Four years is a long time to be anyone, let alone two of the most scrutinized women in entertainment. Cynthia Erivo is finally talking about what that stretch actually felt like, and the picture she paints is considerably more human than the polished press tour moments most people saw.
In a recent interview, the Tony Award-winning actress opened up about the final stages of promoting Wicked and its sequel Wicked: For Good, describing a period where both she and Ariana Grande were holding on by the thinnest of threads. The two were not performing closeness for cameras. They were genuinely leaning on each other to get through it.
What the public saw versus what was real
Erivo reflected on the strange experience of watching the internet construct an entire narrative about who she and Grande were, what they were feeling and how their dynamic actually functioned. Fans formed strong opinions early, and those opinions hardened into conclusions that did not always match reality.
She noted that many people seemed genuinely unsure whether the friendship was authentic, an assumption she found both revealing and frustrating. For Erivo, friendship is not something she performs. It is something she either fully inhabits or does not engage in at all. The bond with Grande fell squarely in the first category, and the two still exchange messages nearly every day.

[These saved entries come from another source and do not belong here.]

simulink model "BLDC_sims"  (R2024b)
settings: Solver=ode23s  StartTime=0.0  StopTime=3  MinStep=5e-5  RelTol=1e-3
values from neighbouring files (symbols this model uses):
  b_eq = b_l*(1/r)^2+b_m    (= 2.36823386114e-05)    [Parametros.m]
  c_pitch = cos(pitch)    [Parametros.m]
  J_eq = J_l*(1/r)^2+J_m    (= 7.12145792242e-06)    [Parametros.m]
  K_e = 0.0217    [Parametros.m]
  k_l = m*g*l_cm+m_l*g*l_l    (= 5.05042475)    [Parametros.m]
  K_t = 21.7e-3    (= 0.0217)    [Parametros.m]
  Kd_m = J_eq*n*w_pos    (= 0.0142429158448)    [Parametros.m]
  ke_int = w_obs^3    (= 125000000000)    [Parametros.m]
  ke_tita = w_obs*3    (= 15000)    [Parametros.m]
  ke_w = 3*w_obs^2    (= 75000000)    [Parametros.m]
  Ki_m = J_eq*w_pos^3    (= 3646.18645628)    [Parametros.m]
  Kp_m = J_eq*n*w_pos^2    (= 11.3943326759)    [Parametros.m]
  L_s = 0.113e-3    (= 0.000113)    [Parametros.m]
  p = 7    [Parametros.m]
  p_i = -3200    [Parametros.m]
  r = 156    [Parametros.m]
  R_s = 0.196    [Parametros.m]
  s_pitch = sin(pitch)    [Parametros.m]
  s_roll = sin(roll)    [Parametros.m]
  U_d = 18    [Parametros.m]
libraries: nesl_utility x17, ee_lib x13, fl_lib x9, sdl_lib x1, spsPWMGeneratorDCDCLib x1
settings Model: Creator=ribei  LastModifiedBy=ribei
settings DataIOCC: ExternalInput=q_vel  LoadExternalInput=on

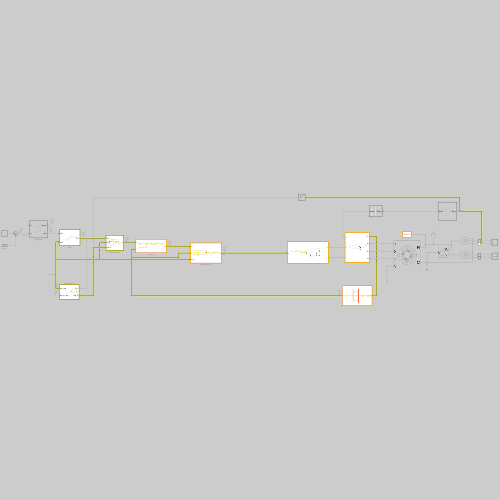
[thumbnail: Simulink's stored preview of the top-level diagram]
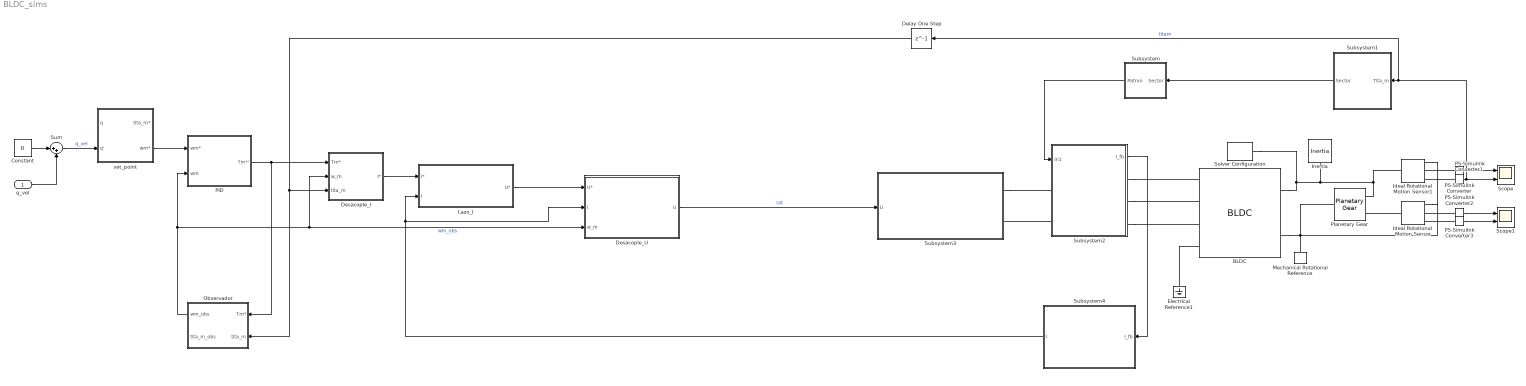
== system BLDC_sims ==
  q_vel : Inport
  BLDC : ee_lib/Electromechanical/Permanent Magnet/BLDC  port_option=ee.enum.threePhasePort.expanded  rotor_param=ee.enum.pmsm.backemf.trapezoidflux  pm_flux_linkage=0.0021 Wb  theta_constant=pi / 12 rad  emf_max=9.6 V  w_meas=600 rpm  DphiDtheta_tab=[0, -.1528, -.1528, .1528, .1528, 0] Wb/rad  back_emf_tab=[0, -9.6, -9.6, 9.6, 9.6, 0] V  rotor_angle_tab=[0, 7.5, 22.5, 37.5, 52.5, 60] deg  nPolePairs=7  axes_param=ee.enum.rotorangle.daxis  winding_type=ee.enum.electromech.statorconfiguration.wye  stator_param=ee.enum.statorparam.LdLqL0  machine_param=ee.enum.dqparameterization.constant  Ld=0.113 H  Lq=0.113 H  idVec=[-200, 0, 200] A  iqVec=[-200, 0, 200] A  LdMatrix=0.00022 * ones(3, 3) H  LqMatrix=0.00022 * ones(3, 3) H  L0=0.113 H  Ls=0.0002 H  Lm=0 H  Ms=0.00002 H  Rs=0.196 Ohm  zero_sequence=ee.enum.park.zerosequence.include  loss_param=ee.enum.ironloss.none  losses_oc=[0, 0, 0] W  losses_sc=[0, 0, 0] W  f_losses=60 Hz  Isc_losses=95 A  J=2.3e-6 kg*m^2  lam=1.184e-05 N*m*s/rad  i_d_specify=off  i_d_priority=None  i_d=0 A  i_d_nominal_specify=off  i_d_nominal_value=1  i_d_nominal_unit=A  i_q_specify=off  i_q_priority=None  i_q=0 A  i_q_nominal_specify=off  i_q_nominal_value=1  i_q_nominal_unit=A  torque_specify=off  torque_priority=None  torque=0 N*m  torque_nominal_specify=on  torque_nominal_value=0.105  torque_nominal_unit=N*m  angular_velocity_specify=off  angular_velocity_priority=High  angular_velocity=0 rpm  angular_velocity_nominal_specify=on  angular_velocity_nominal_value=6890  angular_velocity_nominal_unit=rpm  angular_position_specify=off  angular_position_priority=High  angular_position=0 deg  angular_position_nominal_specify=off  angular_position_nominal_value=1  angular_position_nominal_unit=deg  alpha=3.93e-3 1/K  alpha_flux=-0.001 1/K  Tmeas=298.15 K  stator_thermal_mass=100 J/K  rotor_thermal_mass=200 J/K  Rm_percent_rotor=90  Rd_percent_rotor=30  temperatureA_specify=off  temperatureA_priority=High  temperatureA=25 degC  temperatureA_nominal_specify=off  temperatureA_nominal_value=1  temperatureA_nominal_unit=degC  temperatureB_specify=off  temperatureB_priority=High  temperatureB=25 degC  temperatureB_nominal_specify=off  temperatureB_nominal_value=1  temperatureB_nominal_unit=degC  temperatureC_specify=off  temperatureC_priority=High  temperatureC=25 degC  temperatureC_nominal_specify=off  temperatureC_nominal_value=1  temperatureC_nominal_unit=degC  temperatureR_specify=off  temperatureR_priority=High  temperatureR=25 degC  temperatureR_nominal_specify=off  temperatureR_nominal_value=1  temperatureR_nominal_unit=degC
      settings: InternalSimscapePortConfiguration="{\"Bottom\":[],\"Left\":[{\"id\":\"a\",\"label\":\"a\",\"type\":\"foundation.electrical.electrical\"},{\"id\":\"b\",\"label\":\"b\",\"type\":\"foundation.electrical.electrical\"},{\"id\":\"c\",\"label\":\"c\",\"type\":\"foundation.electrical.electrical\"},{\"id\":\"n\",\"label\":\"n\",\"type\":\"foundation.electrical.electrical\"}],\"Right\":[{\"id\":\"R\",\"label\":\"R\",\"type\":\"foundation.mechanical.rotational.rotational\"},{\"id\":\"C\",\"label\":\"C\",\"type\":\"foundation.mechanical.rotational.rotational\"}],\"Top\":[]}"
  Constant : Constant  Value=0
  Delay One Step : Delay  DelayLength=1
  Desacople_I : Subsystem
  Desacople_U : Subsystem
  Electrical Reference1 : fl_lib/Electrical/Electrical Elements/Electrical Reference
  Ideal Rotational Motion Sensor : fl_lib/Mechanical/Mechanical Sensors/Ideal Rotational Motion Sensor  reference=foundation.enum.MeasurementReference.difference  acceleration_port=false  velocity_port=true  position_port=true  wrap_angle=false  offset=0 rad
  Ideal Rotational Motion Sensor1 : fl_lib/Mechanical/Mechanical Sensors/Ideal Rotational Motion Sensor  reference=foundation.enum.MeasurementReference.difference  acceleration_port=false  velocity_port=true  position_port=true  wrap_angle=false  offset=0 rad
  Inertia : fl_lib/Mechanical/Rotational Elements/Inertia  inertia=0.1173 kg*m^2  num_ports=foundation.enum.numPorts2.one  w_specify=off  w_priority=High  w=0 rad/s  w_nominal_specify=off  w_nominal_value=1  w_nominal_unit=rad/s  t_specify=off  t_priority=None  t=0 N*m  t_nominal_specify=off  t_nominal_value=1  t_nominal_unit=N*m
  Lazo_I : Subsystem
  Mechanical Rotational Reference : fl_lib/Mechanical/Rotational Elements/Mechanical Rotational Reference
  Observador : Subsystem
  PID : Subsystem
  PS-Simulink Converter{,1..3} (4 alike) : nesl_utility/PS-Simulink Converter  PhysicalDomain=network_engine_domain  SubClassName=ps_output  LeftPortType=input  RightPortType=output  PseudoPeriodic=off  Frequencies=[]  VectorFormat=inherit  Unit=inherit  AffineConversion=off
  Planetary Gear : sdl_lib/Gears/Planetary Gear  rs_ratio=156  friction_model=sdl.enum.gear_friction.none  efficiency=[.96, .98]  temperature_TLU=[280, 300, 320] K  efficiency_sp_TLU=[.95, .9, .85]  efficiency_rp_TLU=[.95, .9, .85]  pwr_thr=[.001, .001] W  mu_visc=[0, 0] N*m*s/rad  model_inertia=simscape.enum.onoff.off  sun_inertia=0.001 kg*m^2  ring_inertia=0.001 kg*m^2  carrier_inertia=0.001 kg*m^2  carrier_radius=0.01 m  planet_inertia=0.001 kg*m^2  planet_mass=0.001 kg  thermal_mass=50 J/K  T_init=300 K
  Scope : Scope  NumInputPorts=2
  Scope1 : Scope  NumInputPorts=2
  Solver Configuration : nesl_utility/Solver Configuration  PhysicalDomain=network_engine_domain  SubClassName=solver  LeftPortType=input  RightPortType=generic  Tones=[]  Harmonics=[]  SimulateNoise=off  Profile=off  UseLocalSampling=off  EnableSwitchedLinearOptims=on  FrequencyDomain=off  UseCCode=off  RelTol=0.001  AbsTol=0.001  MinStep=1e-09  ToWorkspace=off  RevertToSquareIcSolve=off  NumHomotopyIterations=100  PhasorMode=off  PhasorModeNumHarmonics=1  ConsistencySolver=NEWTON_XTOL_AFTER_FTOL  IndexReductionMethod=DerivativeReplacement  DoDC=off  ResidualTolerance=1e-09  ConsistencyTolSource=GLOBAL  ConsistencyAbsTol=0.001  ConsistencyRelTol=0.001  ConsistencyTolFactor=1e-9  UseLocalSolver=on  LocalSolverChoice=NE_BACKWARD_EULER_ADVANCER  ResolveIndetEquations=off  FunctionEvalNumThread=1  LocalSolverSampleTime=5e-5  DoFixedCost=on  MaxNonlinIter=3  MaxModeIter=2  ComputeImpulses=off  ImpulseIterations=2  LinearAlgebra=auto  LinearAlgebraNumThread=0  EquationFormulation=NE_TIME_EF  DelaysMemoryBudget=1024  AutomaticFiltering=on  FilteringTimeConstant=0.001  PartitionStorageMethod=AS_NEEDED  PartitionMemoryBudget=1024  PartitionMethod=ROBUST  MultibodyUseLocalSolver=off  MultibodyLocalSolverChoice=ODE1  MultibodyLocalSolverSampleTime=0.001
  Subsystem : Subsystem
  Subsystem1 : Subsystem
  Subsystem2 : Subsystem
  Subsystem3 : Subsystem
  Subsystem4 : Subsystem
  Sum : Sum  Inputs=|++
  set_point : Subsystem
  wires:
  Subsystem1/1(Sector) -> Subsystem/1(Sector)
  Subsystem/1(Patron) -> Subsystem2/1(In1)
  PS-Simulink Converter/1 -> Scope/1
  PS-Simulink Converter2/1 -> Scope1/1
  PS-Simulink Converter3/1 -> Scope1/2
  Subsystem4/1(I) -> Desacople_U/2(I), Lazo_I/2(I)
  Observador/1(wm_obs) -> PID/2(wm), Desacople_I/2(w_m), Desacople_U/3(w_m)  "wm_obs"
  PS-Simulink Converter1/1 -> Delay One Step/1, Subsystem1/1(Tita_m), Scope/2  "titam"
  set_point/2(wm*) -> PID/1(wm*)
  Lazo_I/1(U*) -> Desacople_U/1(U*)
  Constant/1 -> Sum/1
  Sum/1 -> set_point/2(q')  "q_vel"
  PID/1(Tm*') -> Observador/1(Tm*), Desacople_I/1(Tm*)
  q_vel/1 -> Sum/2
  Desacople_I/1(I*) -> Lazo_I/1(I*)
  Subsystem2/1(I_fb) -> Subsystem4/1(I_fb)
  Desacople_U/1(U) -> Subsystem3/1(U)  "Ud"
  Delay One Step/1 -> Observador/2(tita_m), Desacople_I/3(tita_m)
  connections:
  BLDC/RConn1 -- Solver Configuration/RConn1 -- Ideal Rotational Motion Sensor1/LConn1 -- Planetary Gear/RConn1 -- Inertia/LConn1
  BLDC/RConn2 -- Planetary Gear/LConn1 -- Mechanical Rotational Reference/LConn1 -- Ideal Rotational Motion Sensor1/RConn1 -- Ideal Rotational Motion Sensor/RConn1
  Ideal Rotational Motion Sensor/LConn1 -- Planetary Gear/RConn2
  PS-Simulink Converter/LConn1 -- Ideal Rotational Motion Sensor1/RConn2
  PS-Simulink Converter1/LConn1 -- Ideal Rotational Motion Sensor1/RConn3
  PS-Simulink Converter2/LConn1 -- Ideal Rotational Motion Sensor/RConn2
  PS-Simulink Converter3/LConn1 -- Ideal Rotational Motion Sensor/RConn3
  Subsystem2/RConn1 -- BLDC/LConn1
  Subsystem2/RConn2 -- BLDC/LConn2
  Subsystem2/RConn3 -- BLDC/LConn3
  Subsystem3/RConn1 -- Subsystem2/LConn1
  Subsystem2/LConn2 -- Subsystem3/RConn2
  BLDC/LConn4 -- Electrical Reference1/LConn1

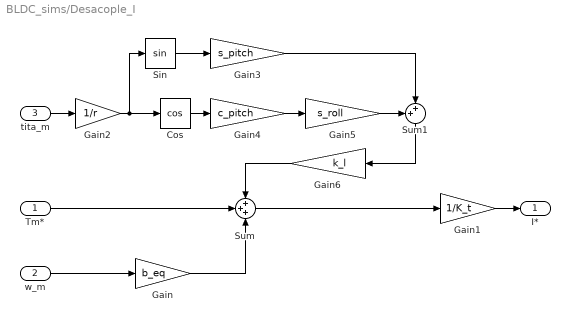
== system BLDC_sims/Desacople_I ==
  Tm* : Inport
  w_m : Inport  Port=2
  tita_m : Inport  Port=3
  Cos : Trigonometry  Operator=cos
  Gain : Gain  Gain=b_eq
  Gain1 : Gain  Gain=1/K_t
  Gain2 : Gain  Gain=1/r
  Gain3 : Gain  Gain=s_pitch
  Gain4 : Gain  Gain=c_pitch
  Gain5 : Gain  Gain=s_roll
  Gain6 : Gain  Gain=k_l
  Sin : Trigonometry
  Sum : Sum  Inputs=+++
  Sum1 : Sum  Inputs=++|
  I* : Outport
  wires:
  w_m/1 -> Gain/1
  Gain/1 -> Sum/3
  Sum/1 -> Gain1/1
  Gain1/1 -> I*/1
  Gain2/1 -> Cos/1, Sin/1
  tita_m/1 -> Gain2/1
  Cos/1 -> Gain4/1
  Sin/1 -> Gain3/1
  Sum1/1 -> Gain6/1
  Gain4/1 -> Gain5/1
  Gain5/1 -> Sum1/1
  Gain3/1 -> Sum1/2
  Gain6/1 -> Sum/1
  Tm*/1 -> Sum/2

Part of the confusion, she suggested, came from the nature of her craft itself. Playing Elphaba required her to completely disappear into a character for years, and some observers appeared to take what they saw on screen or in character as a window into who she actually was. The gap between performance and person turned out to be wider than many expected.
The Singapore moment that changed something
One of the most talked-about incidents from the entire Wicked promotional run occurred at the Singapore premiere of Wicked: For Good, when a man jumped over a barrier and grabbed Grande on the red carpet. Erivo moved immediately to intervene, pushing him away until he released her co-star.
What struck Erivo afterward was not the incident itself but the response to it online. Rather than being received as a natural human reaction to a frightening moment, the clip became fodder for mockery. And the specific targets of that mockery told a story she was not willing to let pass without comment.
The jokes centered on her appearance. Her physique, her body shape, her shaved head. There was an underlying assumption woven through much of the commentary that because of how she looked relative to Grande, a protective or even controlling role was simply what she was built for.
Erivo was direct about what she believed was driving that reaction. The mockery, she argued, reflected something specific and persistent about how Black women are perceived and reduced in public discourse. She anticipated pushback on that reading and acknowledged it plainly, but held her position firmly.
Exhaustion, perception and the cost of visibility
What Erivo is describing, taken together, is the cumulative weight of sustained public life at an extreme level of intensity. Four years of filming, press, scrutiny and misinterpretation left both women depleted in ways that were not visible to anyone watching from the outside.
The friendship that carried them through was real. The exhaustion was real. The frustration at being flattened into something simpler and more consumable than they actually were was real.
Erivo is not asking for sympathy. She is asking for a more honest reckoning with what it costs to show up fully, repeatedly, in spaces that do not always look back with equal generosity.